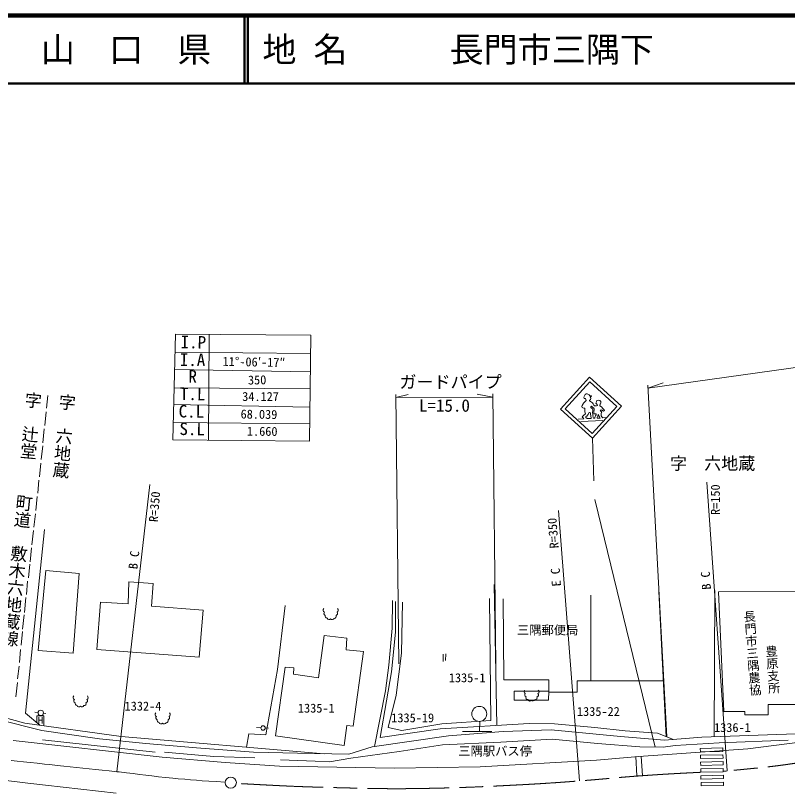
# Model space of a CAD drawing. Units: millimetres, scale not verified. Extents: x 40000 to 680000, y 20000 to 380000.
# Drawn here: x 334142 to 447436, y 266540 to 380000 of the extents above; entities that cross this region are included whole.
import ezdxf
from ezdxf.enums import TextEntityAlignment as Align

# ---------------------------------------------------------------- set-up
doc = ezdxf.new("R2010")
doc.units = ezdxf.units.MM
doc.header["$LTSCALE"] = 1000
doc.linetypes.add('CHAIN', pattern=[18.5, 12, -1.5, 3.5, -1.5])
for name, color, linetype, lineweight in [('M-BGD', 7, 'Continuous', 13), ('M-BMK', 2, 'CHAIN', 13), ('M-TTL', 2, 'Continuous', 140), ('M-TTL-LINE', 7, 'Continuous', 50), ('M-TTL-TXT', 7, 'Continuous', 13)]:
    doc.layers.add(name, color=color, linetype=linetype, lineweight=lineweight)
doc.styles.add('@ＭＳ ゴシック', font='')
doc.styles.add('ＭＳ ゴシック', font='')
doc.styles.get('@ＭＳ ゴシック').set_extended_font_data('@MS Gothic')
doc.styles.get('ＭＳ ゴシック').set_extended_font_data('MS Gothic')

msp = doc.modelspace()

# ---------------------------------------------------------------- linework, layer by layer
at = {"layer": 'M-BGD'}
for p, q in [((357215, 317706), (357631, 333208)), ((357631, 333208), (377462, 333075)), ((362542, 333175), (362476, 317652)), ((377462, 333075), (377274, 317501)), ((474228, 331928), (426960, 325310)), ((357560, 330568), (377429, 330378)), ((357492, 328032), (377397, 327690)), ((429738, 274109), (426936, 325754)), ((426960, 325310), (429187, 326072)), ((357421, 325370), (377367, 325194)), ((338874, 324219), (338702, 322345)), ((389961, 324384), (390422, 284832)), ((389966, 323941), (391781, 324366)), ((389966, 323941), (404201, 323967)), ((404201, 323967), (401895, 324402)), ((404195, 324468), (404622, 284660)), ((417565, 323998), (417682, 324262)), ((417609, 323801), (417565, 323998)), ((417785, 323797), (417609, 323801)), ((417682, 324262), (417747, 324370)), ((417712, 323282), (417778, 323387)), ((417747, 324370), (417896, 324447)), ((417778, 323387), (417831, 323437)), ((417904, 323498), (417785, 323797)), ((417831, 323437), (417904, 323498)), ((417896, 324447), (418048, 324466)), ((418048, 324466), (418251, 324393)), ((418251, 324393), (418336, 324314)), ((418336, 324314), (418425, 324178)), ((418382, 323554), (418376, 323437)), ((418376, 323437), (418544, 323350)), ((418451, 323581), (418382, 323554)), ((418425, 324178), (418647, 324199)), ((418544, 323620), (418451, 323581)), ((418643, 324023), (418478, 324039)), ((418478, 324039), (418572, 323774)), ((418572, 323774), (418544, 323620)), ((418647, 324199), (418643, 324023)), ((419402, 323318), (419465, 323485)), ((419465, 323485), (419720, 323544)), ((419720, 323544), (419899, 323481)), ((419899, 323481), (420035, 323323)), ((357354, 322892), (377334, 322528)), ((417268, 322615), (417300, 322774)), ((417290, 322481), (417268, 322615)), ((417381, 322391), (417290, 322481)), ((417300, 322774), (417424, 323016)), ((417540, 322358), (417381, 322391)), ((417424, 323016), (417514, 323107)), ((417514, 323107), (417712, 323282)), ((417674, 322357), (417540, 322358)), ((417693, 322286), (417674, 322357)), ((417676, 322144), (417693, 322286)), ((418544, 323350), (418811, 323139)), ((418570, 322456), (418579, 322608)), ((418664, 322355), (418570, 322456)), ((418579, 322608), (418655, 322674)), ((418655, 322674), (418742, 322589)), ((418836, 322248), (418664, 322355)), ((418742, 322589), (418863, 322453)), ((418811, 323139), (418912, 322992)), ((418878, 322130), (418836, 322248)), ((418863, 322453), (418950, 322394)), ((418912, 322992), (418990, 322819)), ((418950, 322394), (419039, 322273)), ((418990, 322819), (419041, 322739)), ((419039, 322273), (419052, 322085)), ((419041, 322739), (419088, 322718)), ((419088, 322718), (419393, 322720)), ((419329, 323104), (419402, 323318)), ((419392, 323001), (419329, 323104)), ((419514, 322901), (419392, 323001)), ((419393, 322720), (419533, 322738)), ((419533, 322738), (419514, 322901)), ((419946, 322956), (419905, 322813)), ((419905, 322813), (419909, 322731)), ((419909, 322731), (420128, 322553)), ((419991, 323005), (419946, 322956)), ((420056, 323125), (419991, 323005)), ((420035, 323323), (420056, 323125)), ((420128, 322553), (420350, 322317)), ((420350, 322317), (420487, 322147)), ((338624, 321836), (338435, 319810)), ((417298, 321061), (417410, 321208)), ((417410, 321208), (417577, 321366)), ((417577, 321366), (417667, 321457)), ((417667, 321457), (417780, 321572)), ((417677, 321946), (417676, 322144)), ((417699, 321805), (417677, 321946)), ((417759, 321690), (417699, 321805)), ((417780, 321572), (417759, 321690)), ((417831, 321143), (417992, 321211)), ((417844, 320992), (417831, 321143)), ((417992, 321211), (418101, 321337)), ((418101, 321337), (418199, 321457)), ((418199, 321457), (418263, 321660)), ((418263, 321660), (418368, 321750)), ((418368, 321750), (418466, 321730)), ((418466, 321730), (418504, 321568)), ((418504, 321568), (418577, 321146)), ((418577, 321146), (418602, 320996)), ((418794, 321791), (418869, 321972)), ((418800, 321645), (418794, 321791)), ((418847, 321527), (418800, 321645)), ((418886, 321361), (418847, 321527)), ((418857, 321072), (418899, 321199)), ((418869, 321972), (418878, 322130)), ((418899, 321199), (418886, 321361)), ((419007, 321921), (418997, 321695)), ((418997, 321695), (419007, 321591)), ((419052, 322085), (419007, 321921)), ((419007, 321591), (419046, 321525)), ((419046, 321525), (419182, 321521)), ((419253, 321236), (419172, 321060)), ((419182, 321521), (419297, 321526)), ((419345, 321392), (419253, 321236)), ((419297, 321526), (419365, 321524)), ((419365, 321524), (419345, 321392)), ((419480, 321056), (419544, 321149)), ((419544, 321149), (419600, 321250)), ((419600, 321250), (419657, 321416)), ((419657, 321416), (419760, 321310)), ((419760, 321310), (419750, 321185)), ((419750, 321185), (419820, 321071)), ((420032, 322092), (419941, 322017)), ((419941, 322017), (420100, 321884)), ((420111, 322142), (420032, 322092)), ((420142, 321710), (420076, 321613)), ((420076, 321613), (420095, 321450)), ((420095, 321450), (420104, 321262)), ((420100, 321884), (420163, 321781)), ((420104, 321262), (420206, 321079)), ((420220, 322077), (420111, 322142)), ((420163, 321781), (420142, 321710)), ((420282, 322009), (420220, 322077)), ((420450, 321923), (420282, 322009)), ((420586, 322023), (420450, 321923)), ((420487, 322147), (420586, 322023)), ((357284, 320267), (377305, 320060)), ((416712, 320758), (417532, 320795)), ((420342, 320569), (417093, 320424)), ((417479, 320896), (417298, 321061)), ((417532, 320795), (417479, 320896)), ((418039, 320831), (417844, 320992)), ((418597, 320850), (418039, 320831)), ((418638, 320870), (418597, 320850)), ((418602, 320996), (418638, 320870)), ((418954, 320888), (418857, 321072)), ((419152, 320913), (418954, 320888)), ((419167, 320939), (419152, 320913)), ((419172, 321060), (419167, 320939)), ((419512, 320913), (419480, 321056)), ((419948, 320914), (419512, 320913)), ((419820, 321071), (419948, 320914)), ((420206, 321079), (420303, 321013)), ((420303, 321013), (420341, 320956)), ((420341, 320956), (420722, 320973)), ((338367, 319308), (338176, 317269)), ((377274, 317501), (357215, 317706)), ((418796, 317939), (418988, 311720)), ((338143, 316845), (337931, 314819)), ((337867, 314316), (337656, 312290)), ((337591, 311784), (337403, 309893)), ((349026, 269012), (353849, 311167)), ((435571, 311502), (438581, 269121)), ((337341, 309408), (337133, 307359)), ((419152, 308973), (428032, 272624)), ((337104, 306841), (336849, 304900)), ((416932, 267661), (413830, 307362)), ((338388, 304563), (335597, 277595)), ((336809, 304404), (336542, 302326)), ((336506, 301861), (336301, 299835)), ((336255, 299492), (336044, 297446)), ((337455, 286785), (338591, 298540)), ((338591, 298540), (343468, 298117)), ((343468, 298117), (342600, 286384)), ((335738, 294997), (335923, 296955)), ((350679, 293660), (350783, 296882)), ((350783, 296882), (354362, 296630)), ((354362, 296630), (354109, 293303)), ((404792, 275786), (404396, 296466)), ((429641, 274148), (428542, 295434)), ((436651, 274133), (436780, 295591)), ((437323, 295414), (449455, 295444)), ((438080, 277845), (437323, 295414)), ((335461, 292371), (335676, 294597)), ((346076, 286963), (346640, 293882)), ((346640, 293882), (350679, 293660)), ((389395, 290098), (389469, 294137)), ((389930, 293988), (389900, 289500)), ((390928, 293899), (390772, 286392)), ((403891, 276503), (403717, 294435)), ((405729, 294390), (405796, 282491)), ((418566, 282327), (418571, 294908)), ((354109, 293303), (361682, 292695)), ((372612, 283991), (373726, 293409)), ((335197, 289915), (335415, 292040)), ((361682, 292695), (361088, 285805)), ((334963, 287589), (335154, 289576)), ((388935, 284634), (389395, 290098)), ((389900, 289500), (389336, 283665)), ((378591, 282788), (379418, 288999)), ((379418, 288999), (382779, 288603)), ((382779, 288603), (382652, 286904)), ((334714, 285035), (334885, 286956)), ((342600, 286384), (337455, 286785)), ((361088, 285805), (346076, 286963)), ((382652, 286904), (385226, 286632)), ((385226, 286632), (383693, 275687)), ((390772, 286392), (390014, 280223)), ((396909, 286277), (396889, 285188)), ((397275, 286287), (397266, 285346)), ((334459, 282620), (334666, 284511)), ((370882, 274445), (372612, 283991)), ((372300, 274258), (373696, 284370)), ((373696, 284370), (374973, 284236)), ((374973, 284236), (374929, 283329)), ((388456, 280880), (388935, 284634)), ((389336, 283665), (388608, 279433)), ((374929, 283329), (378591, 282788)), ((334172, 280017), (334429, 282125)), ((405796, 282491), (412404, 282476)), ((412404, 282476), (412389, 280694)), ((416546, 280694), (416546, 282342)), ((416546, 282342), (418566, 282327)), ((418566, 282327), (429217, 282357)), ((386818, 272716), (388456, 280880)), ((407331, 279513), (407346, 280820)), ((407346, 280820), (412390, 280849)), ((412390, 280849), (412350, 279513)), ((412389, 280694), (416546, 280694)), ((388608, 279433), (387658, 274028)), ((390014, 280223), (388834, 275501)), ((412350, 279513), (407331, 279513)), ((327646, 278259), (335509, 276121)), ((449416, 278892), (444602, 278892)), ((444602, 278892), (444602, 277360)), ((329262, 277241), (338001, 275051)), ((335597, 277595), (337698, 275823)), ((336995, 277769), (337461, 277706)), ((337281, 276174), (337279, 277195)), ((337279, 277195), (338308, 277189)), ((337582, 277004), (337582, 276080)), ((338071, 277004), (338058, 276073)), ((338260, 277598), (338605, 277551)), ((338308, 277189), (338328, 275737)), ((441181, 277845), (438080, 277845)), ((441181, 277360), (441181, 277845)), ((444602, 277360), (441181, 277360)), ((335509, 276121), (349652, 274194)), ((337582, 276568), (338065, 276568)), ((382756, 275773), (382362, 272866)), ((383693, 275687), (382756, 275773)), ((390839, 275077), (396719, 276035)), ((396459, 275294), (409536, 276066)), ((396719, 276035), (403891, 276503)), ((402268, 276395), (402211, 274922)), ((409536, 276066), (413244, 276048)), ((413244, 276048), (419174, 275483)), ((338001, 275051), (346450, 273818)), ((369517, 275487), (370151, 275464)), ((370803, 275441), (371288, 275423)), ((387658, 274028), (396459, 275294)), ((388834, 275501), (390839, 275077)), ((397687, 274292), (405728, 274916)), ((402211, 274922), (399756, 274922)), ((402211, 274922), (404059, 274922)), ((405728, 274916), (412766, 275161)), ((412766, 275161), (422901, 274159)), ((419174, 275483), (423629, 275028)), ((423629, 275028), (428341, 274662)), ((428341, 274662), (430699, 273729)), ((434884, 274069), (451084, 274649)), ((333821, 273572), (355671, 271144)), ((338130, 273707), (354647, 271875)), ((346450, 273818), (353265, 273135)), ((349652, 274194), (379418, 271656)), ((368040, 272626), (368388, 274564)), ((368388, 274564), (370882, 274445)), ((382362, 272866), (372300, 274258)), ((386497, 272670), (397687, 274292)), ((405381, 273329), (412887, 273797)), ((412887, 273797), (419546, 273173)), ((422901, 274159), (429405, 273624)), ((429405, 273624), (434884, 274069)), ((437426, 273235), (447524, 273635)), ((353265, 273135), (360705, 272497)), ((360705, 272497), (369079, 271873)), ((383082, 271591), (386497, 272670)), ((390457, 271970), (396805, 272951)), ((396805, 272951), (405381, 273329)), ((419546, 273173), (425761, 272639)), ((425599, 271261), (441591, 272375)), ((425761, 272639), (429169, 272616)), ((429169, 272616), (430937, 272878)), ((430937, 272878), (437426, 273235)), ((434639, 272427), (437936, 272496)), ((434639, 272427), (434650, 271927)), ((437946, 271996), (437936, 272496)), ((441591, 272375), (449231, 273333)), ((356030, 271854), (363247, 271265)), ((363247, 271265), (369260, 271028)), ((369079, 271873), (375539, 271725)), ((375539, 271725), (383082, 271591)), ((383352, 270983), (390457, 271970)), ((419395, 270693), (425599, 271261)), ((425312, 268407), (425154, 271221)), ((425936, 271285), (426147, 268425)), ((434650, 271927), (437946, 271996)), ((434660, 271427), (437957, 271496)), ((434660, 271427), (434671, 270927)), ((437967, 270996), (437957, 271496)), ((305920, 270803), (335972, 267350)), ((355671, 271144), (364892, 270343)), ((364892, 270343), (372877, 269814)), ((373032, 270745), (378096, 270552)), ((378096, 270552), (380204, 270478)), ((380204, 270478), (383352, 270983)), ((402345, 269724), (419395, 270693)), ((434671, 270927), (437967, 270996)), ((434681, 270427), (437978, 270496)), ((434681, 270427), (434692, 269927)), ((437988, 269996), (437978, 270496)), ((372877, 269814), (389716, 269546)), ((389716, 269546), (402345, 269724)), ((434692, 269927), (437988, 269996)), ((434702, 269427), (437999, 269497)), ((434702, 269427), (434713, 268927)), ((434713, 268927), (438009, 268997)), ((438009, 268997), (437999, 269497)), ((426147, 268425), (425312, 268407)), ((434723, 268428), (438020, 268497)), ((434723, 268428), (434734, 267928)), ((434734, 267928), (438030, 267997)), ((438030, 267997), (438020, 268497)), ((335972, 267350), (348913, 265858)), ((434744, 267428), (438041, 267497)), ((434744, 267428), (434755, 266928)), ((434755, 266928), (438051, 266997)), ((438051, 266997), (438041, 267497))]:
    msp.add_line(p, q, dxfattribs=at)
for points in [[(423090, 322636), (418393, 326930), (414099, 322233), (418796, 317939)], [(422384, 322605), (418425, 326224), (414805, 322265), (418764, 318646)]]:
    msp.add_lwpolyline(points, close=True, dxfattribs=at)
for centre, radius in [((337860, 277644), 403), ((402204, 277497), 1104), ((370476, 275423), 328), ((365733, 267405), 822)]:
    msp.add_circle(centre, radius, dxfattribs=at)
for centre, start, end in [((379593, 292719), 131.69645, 250.31174), ((381208, 292707), 295.5816, 51.83622), ((379706, 292226), 135.42172, 248.97879), ((379879, 291841), 159.44718, 269.02338), ((380918, 291818), 265.11615, 25.19228), ((381114, 292236), 284.47614, 41.84201), ((380160, 291631), 197.56364, 321.14954), ((380619, 291642), 221.4806, 335.92433), ((409061, 280763), 131.69645, 250.31174), ((409174, 280270), 135.42172, 248.97879), ((410582, 280280), 284.47614, 41.84201), ((410676, 280751), 295.5816, 51.83622), ((342891, 279904), 131.69645, 250.31174), ((343004, 279411), 135.42172, 248.97879), ((343177, 279025), 159.44718, 269.02338), ((344216, 279003), 265.11615, 25.19228), ((344412, 279421), 284.47614, 41.84201), ((344506, 279892), 295.5816, 51.83622), ((409347, 279884), 159.44718, 269.02338), ((409628, 279675), 197.56364, 321.14954), ((410086, 279685), 221.4806, 335.92433), ((410386, 279862), 265.11615, 25.19228), ((343458, 278816), 197.56364, 321.14954), ((343916, 278827), 221.4806, 335.92433), ((354934, 277405), 131.69645, 250.31174), ((355046, 276912), 135.42172, 248.97879), ((356455, 276922), 284.47614, 41.84201), ((356549, 277393), 295.5816, 51.83622), ((355219, 276526), 159.44718, 269.02338), ((355500, 276317), 197.56364, 321.14954), ((355959, 276328), 221.4806, 335.92433), ((356258, 276504), 265.11615, 25.19228)]:
    msp.add_arc(centre, 300, start, end, dxfattribs=at)
msp.add_open_spline([(438581, 269121), (438294, 269101), (438294, 269101), (438008, 269082)], degree=3, dxfattribs=at)
at = {"layer": 'M-BMK'}
msp.add_lwpolyline([(364915, 267479), (363601, 267560), (362500, 267630), (361549, 267693), (360687, 267755), (359851, 267821), (358978, 267895), (358007, 267982), (357247, 268053), (356139, 268163), (355125, 268274), (354176, 268385), (353262, 268497), (352352, 268612), (351416, 268730), (350425, 268851), (349347, 268976), (349026, 269012), (347906, 269135), (346864, 269246), (345882, 269350), (344942, 269447), (344026, 269541), (343116, 269634), (342193, 269729), (341241, 269827), (340240, 269931), (339173, 270044), (338426, 270125), (337314, 270246), (336292, 270360), (335332, 270468), (334411, 270573), (333502, 270677)], dxfattribs=at)
for points, knots in [([(456386, 271609), (453122, 270971), (452225, 270823), (449545, 270404), (445285, 269738), (443840, 269638), (438581, 269121)], [0, 0, 0, 0, 1, 1, 1, 2, 2, 2, 2]), ([(434713, 268927), (430567, 268716), (429491, 268659), (426147, 268425), (422544, 268173), (420534, 267933), (416932, 267661), (413539, 267404), (411638, 267268), (408240, 267090), (402725, 266802), (399633, 266655), (394111, 266556), (388948, 266462), (386054, 266549), (380892, 266678), (375285, 266818), (373463, 266923), (366548, 267296)], [0, 0, 0, 0, 1, 1, 1, 2, 2, 2, 3, 3, 3, 4, 4, 4, 5, 5, 5, 6, 6, 6, 6])]:
    msp.add_open_spline(points, degree=3, knots=knots, dxfattribs=at)
at = {"layer": 'M-TTL'}
msp.add_line((680000, 380000), (40000, 380000), dxfattribs=at)
at = {"layer": 'M-TTL-LINE'}
for p, q in [((367750, 380000), (367750, 370000)), ((368250, 380000), (368250, 370000)), ((40000, 370000), (680000, 370000))]:
    msp.add_line(p, q, dxfattribs=at)

# ---------------------------------------------------------------- texts
at = {"layer": 'M-BGD'}
for s, height, rotation, style, p in [('I.P', 1833, 358.948, 'ＭＳ ゴシック', (358351, 330623)), ('I.A', 1833, 359.375, 'ＭＳ ゴシック', (358242, 328025)), ('11°-06′-17″', 1320, 358.787, 'ＭＳ ゴシック', (364511, 328192)), ('R', 1833, 359.121, 'ＭＳ ゴシック', (359499, 325579)), ('350', 1320, 1.065, 'ＭＳ ゴシック', (368275, 325432)), ('字\u3000辻堂', 1833, 264.779, '@ＭＳ ゴシック', (335389, 324898)), ('T.L', 1833, 359.112, 'ＭＳ ゴシック', (358250, 323025)), ('字\u3000六地蔵', 1833, 264.779, '@ＭＳ ゴシック', (340375, 324610)), ('C.L', 1833, 358.926, 'ＭＳ ゴシック', (358060, 320464)), ('68.039', 1320, 359.177, 'ＭＳ ゴシック', (367167, 320456)), ('S.L', 1833, 358.969, 'ＭＳ ゴシック', (358180, 317883)), ('1.660', 1320, 359.574, 'ＭＳ ゴシック', (368098, 317928)), ('R=150', 1320, 90.238, 'ＭＳ ゴシック', (437910, 306695)), ('R=350', 1320, 85.358, 'ＭＳ ゴシック', (355415, 305577)), ('町道\u3000敷木六地蔵線', 1833, 264.109, '@ＭＳ ゴシック', (334068, 309867)), ('R=350', 1320, 94.468, 'ＭＳ ゴシック', (414254, 301868)), ('B C', 1320, 83.473, 'ＭＳ ゴシック', (352414, 298626)), ('E C', 1320, 94.117, 'ＭＳ ゴシック', (414586, 296273)), ('B C', 1320, 94.062, 'ＭＳ ゴシック', (436605, 295793)), ('長門市三隅農協', 1320, 274.365, '@ＭＳ ゴシック', (440727, 292612)), ('豊原支所', 1320, 274, '@ＭＳ ゴシック', (443941, 287519))]:
    msp.add_text(s, height=height, rotation=rotation, dxfattribs=dict(at, style=style)).set_placement(p, align=Align.BOTTOM_LEFT)
at = {"layer": 'M-BGD', "style": 'ＭＳ ゴシック'}
for s, height, p in [('ガードパイプ', 1833, (390491, 324749)), ('34.127', 1320, (367413, 323026)), ('L=15.0', 1833, (393348, 321291)), ('字\u3000六地蔵', 1833, (430199, 312792)), ('三隅郵便局', 1320, (407741, 288747)), ('1335-1', 1320, (397739, 281744)), ('1332-4', 1320, (350158, 277587)), ('1335-1', 1320, (375595, 277287)), ('1335-22', 1320, (416540, 276797)), ('1335-19', 1320, (389290, 275864)), ('1336-1', 1320, (436653, 274440)), ('三隅駅バス停', 1320, (399129, 270987))]:
    msp.add_text(s, height=height, dxfattribs=at).set_placement(p, align=Align.BOTTOM_LEFT)
at = {"layer": 'M-TTL-TXT', "style": 'ＭＳ ゴシック'}
msp.add_text('山\u3000口\u3000県', height=3666, dxfattribs=at).set_placement((350375, 375000), align=Align.MIDDLE_CENTER)
msp.add_text('地 名      長門市三隅下', height=3666, dxfattribs=at).set_placement((370380, 375000), align=Align.MIDDLE_LEFT)

doc.saveas('drawing.dxf')

=======

## TASK DESCRIPTION
In the material above, find the line containing "msp.add_arc(centre, 300, start, end, dxfattribs=at)" and the line containing "(333502, 270677)], dxfattribs=at)", then write out exactly those two lines and every line between them, and nothing more.

## ANSWER AREA
    msp.add_arc(centre, 300, start, end, dxfattribs=at)
msp.add_open_spline([(438581, 269121), (438294, 269101), (438294, 269101), (438008, 269082)], degree=3, dxfattribs=at)
at = {"layer": 'M-BMK'}
msp.add_lwpolyline([(364915, 267479), (363601, 267560), (362500, 267630), (361549, 267693), (360687, 267755), (359851, 267821), (358978, 267895), (358007, 267982), (357247, 268053), (356139, 268163), (355125, 268274), (354176, 268385), (353262, 268497), (352352, 268612), (351416, 268730), (350425, 268851), (349347, 268976), (349026, 269012), (347906, 269135), (346864, 269246), (345882, 269350), (344942, 269447), (344026, 269541), (343116, 269634), (342193, 269729), (341241, 269827), (340240, 269931), (339173, 270044), (338426, 270125), (337314, 270246), (336292, 270360), (335332, 270468), (334411, 270573), (333502, 270677)], dxfattribs=at)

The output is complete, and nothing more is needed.